3 Ultra Nerds in 1 room production :P
❤❤❤❤❤❤
Mistral AI + DeepSeek =🧠❤💪
Can anyone tell me if I'm understanding the real significance of deep seek is taking a big step to synthetic data?
The big model cost a lot to run, but you can use it to output correct questions and answers and use it to train a smaller model, and that smaller model will become really good, that’s very significant because you can run a very small model on your laptop now, and it allows a lot more players to get in
DeepSeek is not one big innovation but multiple of them working together to make a bigger splash.
Natural selection pressure of lack of short trees forced giraffe to evolve elongated necks,
Similarly USes trade policy selection pressure of restricting high end GPUs is pushing Chinese to evolve better software to compensate for lack of high end GPUs.
Americans are fighting the losing battle of trying to stop evolution.
It's easier to make someone do the work and steal it. China stole from US, US will steal from China
What did i just understand 😂😂😂
I'm gonna share this to appear pretentious
Trust me bros it works.... experts ... no f.... about ... yolo run ...
Wait wait, it still uses GPUs?!? No way. I thought they figured out how to run on 256kb of RAM.
Stop saying right.
Yeah too bad deep seek really sucks if you actually take the time to use it I was trying to have it to do some simple things I can't even do
Right
Don't these experts you interview ever use diagrams? Every engineer I have come across does.

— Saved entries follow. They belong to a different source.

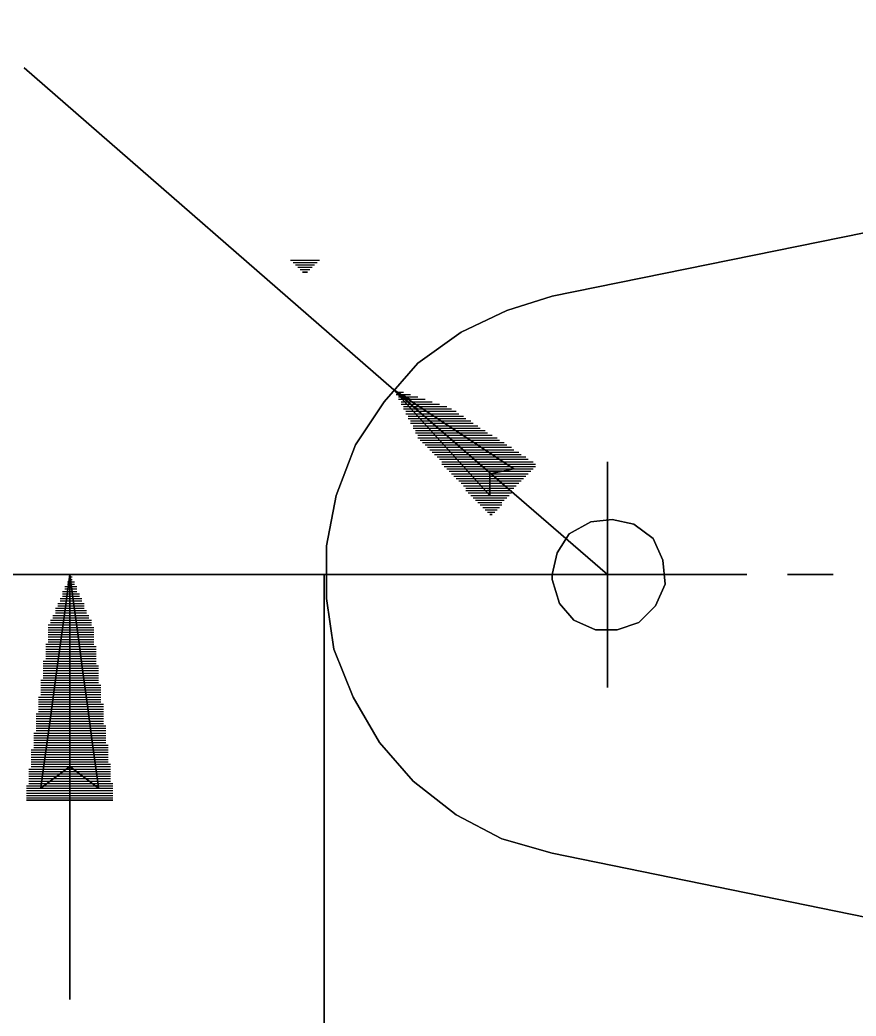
# Model space of a CAD drawing. Extents: x 1 to 210, y 1 to 298.
# Drawn here: x 36.6 to 66.08, y 216.93 to 252.05 of the extents above; entities that cross this region are included whole.
import ezdxf

# ---------------------------------------------------------------- set-up
doc = ezdxf.new("R2010")
doc.units = 0

msp = doc.modelspace()

# ---------------------------------------------------------------- linework, layer by layer
at = {"layer": 'P00017'}
msp.add_lwpolyline([(103.378003, 212.851995), (55.371997, 222.673327), (103.378003, 212.851995)], dxfattribs=at)
at = {"layer": 'P00022'}
msp.add_lwpolyline([(55.371997, 232.494659), (55.541334, 233.25666), (55.371997, 232.494659)], dxfattribs=at)
at = {"layer": 'P00023'}
msp.add_lwpolyline([(55.541334, 233.25666), (55.964666, 233.933993), (55.541334, 233.25666)], dxfattribs=at)
at = {"layer": 'P00024'}
msp.add_lwpolyline([(55.964666, 233.933993), (56.726668, 234.357325), (55.964666, 233.933993)], dxfattribs=at)
at = {"layer": 'P00025'}
msp.add_lwpolyline([(56.726668, 234.357325), (57.488664, 234.441994), (56.726668, 234.357325)], dxfattribs=at)
at = {"layer": 'P00026'}
msp.add_lwpolyline([(57.488664, 234.441994), (58.250665, 234.272662), (57.488664, 234.441994)], dxfattribs=at)
at = {"layer": 'P00027'}
msp.add_lwpolyline([(58.250665, 234.272662), (58.927998, 233.764661), (58.250665, 234.272662)], dxfattribs=at)
at = {"layer": 'P00028'}
msp.add_lwpolyline([(58.927998, 233.764661), (59.266667, 233.00266), (58.927998, 233.764661)], dxfattribs=at)
at = {"layer": 'P00029'}
msp.add_lwpolyline([(59.266667, 233.00266), (59.35133, 232.155995), (59.266667, 233.00266)], dxfattribs=at)
at = {"layer": 'P00030'}
msp.add_lwpolyline([(59.35133, 232.155995), (59.012666, 231.393994), (59.35133, 232.155995)], dxfattribs=at)
at = {"layer": 'P00031'}
msp.add_lwpolyline([(59.012666, 231.393994), (58.419997, 230.801325), (59.012666, 231.393994)], dxfattribs=at)
at = {"layer": 'P00032'}
msp.add_lwpolyline([(58.419997, 230.801325), (57.658001, 230.547329), (58.419997, 230.801325)], dxfattribs=at)
at = {"layer": 'P00033'}
msp.add_lwpolyline([(57.658001, 230.547329), (56.896, 230.547329), (57.658001, 230.547329)], dxfattribs=at)
at = {"layer": 'P00034'}
msp.add_lwpolyline([(56.896, 230.547329), (56.133998, 230.885993), (56.896, 230.547329)], dxfattribs=at)
at = {"layer": 'P00035'}
msp.add_lwpolyline([(56.133998, 230.885993), (55.625997, 231.478663), (56.133998, 230.885993)], dxfattribs=at)
at = {"layer": 'P00036'}
msp.add_lwpolyline([(55.625997, 231.478663), (55.371997, 232.325327), (55.625997, 231.478663)], dxfattribs=at)
at = {"layer": 'P00037'}
msp.add_lwpolyline([(55.371997, 232.325327), (55.371997, 232.494659), (55.371997, 232.325327)], dxfattribs=at)
at = {"layer": 'P00054'}
msp.add_lwpolyline([(55.371997, 242.315991), (103.378003, 252.05266), (55.371997, 242.315991)], dxfattribs=at)
at = {"layer": 'P00059'}
msp.add_lwpolyline([(55.371997, 222.673327), (53.593999, 223.181328), (55.371997, 222.673327)], dxfattribs=at)
at = {"layer": 'P00060'}
msp.add_lwpolyline([(53.593999, 223.181328), (51.985334, 224.027992), (53.593999, 223.181328)], dxfattribs=at)
at = {"layer": 'P00061'}
msp.add_lwpolyline([(51.985334, 224.027992), (50.461331, 225.213326), (51.985334, 224.027992)], dxfattribs=at)
at = {"layer": 'P00062'}
msp.add_lwpolyline([(50.461331, 225.213326), (49.275997, 226.567991), (50.461331, 225.213326)], dxfattribs=at)
at = {"layer": 'P00063'}
msp.add_lwpolyline([(49.275997, 226.567991), (48.344664, 228.176662), (49.275997, 226.567991)], dxfattribs=at)
at = {"layer": 'P00064'}
msp.add_lwpolyline([(48.344664, 228.176662), (47.667332, 229.869991), (48.344664, 228.176662)], dxfattribs=at)
at = {"layer": 'P00065'}
msp.add_lwpolyline([(47.667332, 229.869991), (47.413331, 231.647994), (47.667332, 229.869991)], dxfattribs=at)
at = {"layer": 'P00066'}
msp.add_lwpolyline([(47.413331, 231.647994), (47.413331, 233.510661), (47.413331, 231.647994)], dxfattribs=at)
at = {"layer": 'P00067'}
msp.add_lwpolyline([(47.413331, 233.510661), (47.752, 235.288658), (47.413331, 233.510661)], dxfattribs=at)
at = {"layer": 'P00068'}
msp.add_lwpolyline([(47.752, 235.288658), (48.429333, 237.066661), (47.752, 235.288658)], dxfattribs=at)
at = {"layer": 'P00069'}
msp.add_lwpolyline([(48.429333, 237.066661), (49.445335, 238.590658), (48.429333, 237.066661)], dxfattribs=at)
at = {"layer": 'P00070'}
msp.add_lwpolyline([(49.445335, 238.590658), (50.630668, 239.945329), (49.445335, 238.590658)], dxfattribs=at)
at = {"layer": 'P00071'}
msp.add_lwpolyline([(50.630668, 239.945329), (52.154665, 241.045994), (50.630668, 239.945329)], dxfattribs=at)
at = {"layer": 'P00072'}
msp.add_lwpolyline([(52.154665, 241.045994), (53.763331, 241.807995), (52.154665, 241.045994)], dxfattribs=at)
at = {"layer": 'P00073'}
msp.add_lwpolyline([(53.763331, 241.807995), (55.371997, 242.315991), (53.763331, 241.807995)], dxfattribs=at)
at = {"layer": 'P00078'}
msp.add_lwpolyline([(53.339999, 232.494659), (57.319332, 232.494659), (53.339999, 232.494659)], dxfattribs=at)
at = {"layer": 'P00079'}
msp.add_lwpolyline([(61.383333, 232.494659), (57.319332, 232.494659), (61.383333, 232.494659)], dxfattribs=at)
at = {"layer": 'P00080'}
msp.add_lwpolyline([(57.319332, 228.515326), (57.319332, 232.494659), (57.319332, 228.515326)], dxfattribs=at)
at = {"layer": 'P00081'}
msp.add_lwpolyline([(57.319332, 236.473992), (57.319332, 232.494659), (57.319332, 236.473992)], dxfattribs=at)
at = {"layer": 'P00086'}
msp.add_lwpolyline([(45.381333, 232.494659), (62.229998, 232.494659), (45.381333, 232.494659)], dxfattribs=at)
at = {"layer": 'P00087'}
msp.add_lwpolyline([(63.669332, 232.494659), (65.277998, 232.494659), (63.669332, 232.494659)], dxfattribs=at)
at = {"layer": 'P00102'}
msp.add_lwpolyline([(47.328668, 232.494659), (47.328668, 193.801995), (47.328668, 232.494659)], dxfattribs=at)
at = {"layer": 'P00104'}
msp.add_lwpolyline([(49.783998, 239.013996), (36.745332, 250.359325), (49.783998, 239.013996)], dxfattribs=at)
at = {"layer": 'P00142'}
msp.add_lwpolyline([(35.305998, 232.494659), (47.328668, 232.494659), (35.305998, 232.494659)], dxfattribs=at)
at = {"layer": 'P00239'}
msp.add_lwpolyline([(49.868667, 238.929328), (50.122667, 238.929328)], dxfattribs=at)
at = {"layer": 'P00240'}
msp.add_lwpolyline([(49.868667, 238.844659), (50.376668, 238.844659)], dxfattribs=at)
at = {"layer": 'P00241'}
msp.add_lwpolyline([(49.95333, 238.759996), (50.630668, 238.759996)], dxfattribs=at)
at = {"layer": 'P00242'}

Diagrams available in the research papers.
Look at his head looks like quantum computer
Unpopular data viewpoint- there is no bad data. Bad sources maybe. Bad data is like bad press. It still has value.
You haven't written a single piece of software in your life. Don't have such strong opinions on things you know nothing about
@@leonlysak4927Don't you know ChatGPT has made everyone an expert on everything.
There's absolutely bad data wtf
The true sign of understanding is being able to explain complex concepts so that a 5th grader could understand them. Grade = F
If you understand all of this, raise your hand.🙋♂️
I wanna visit r/microwavegang now lmao
They are from different planet😅
So basically multi-model-sharding across the GPU fabric ..
Can't the American models now take the lessons learned by the Chinese and integrate them into their models with all the hardware at their disposal and leap forward?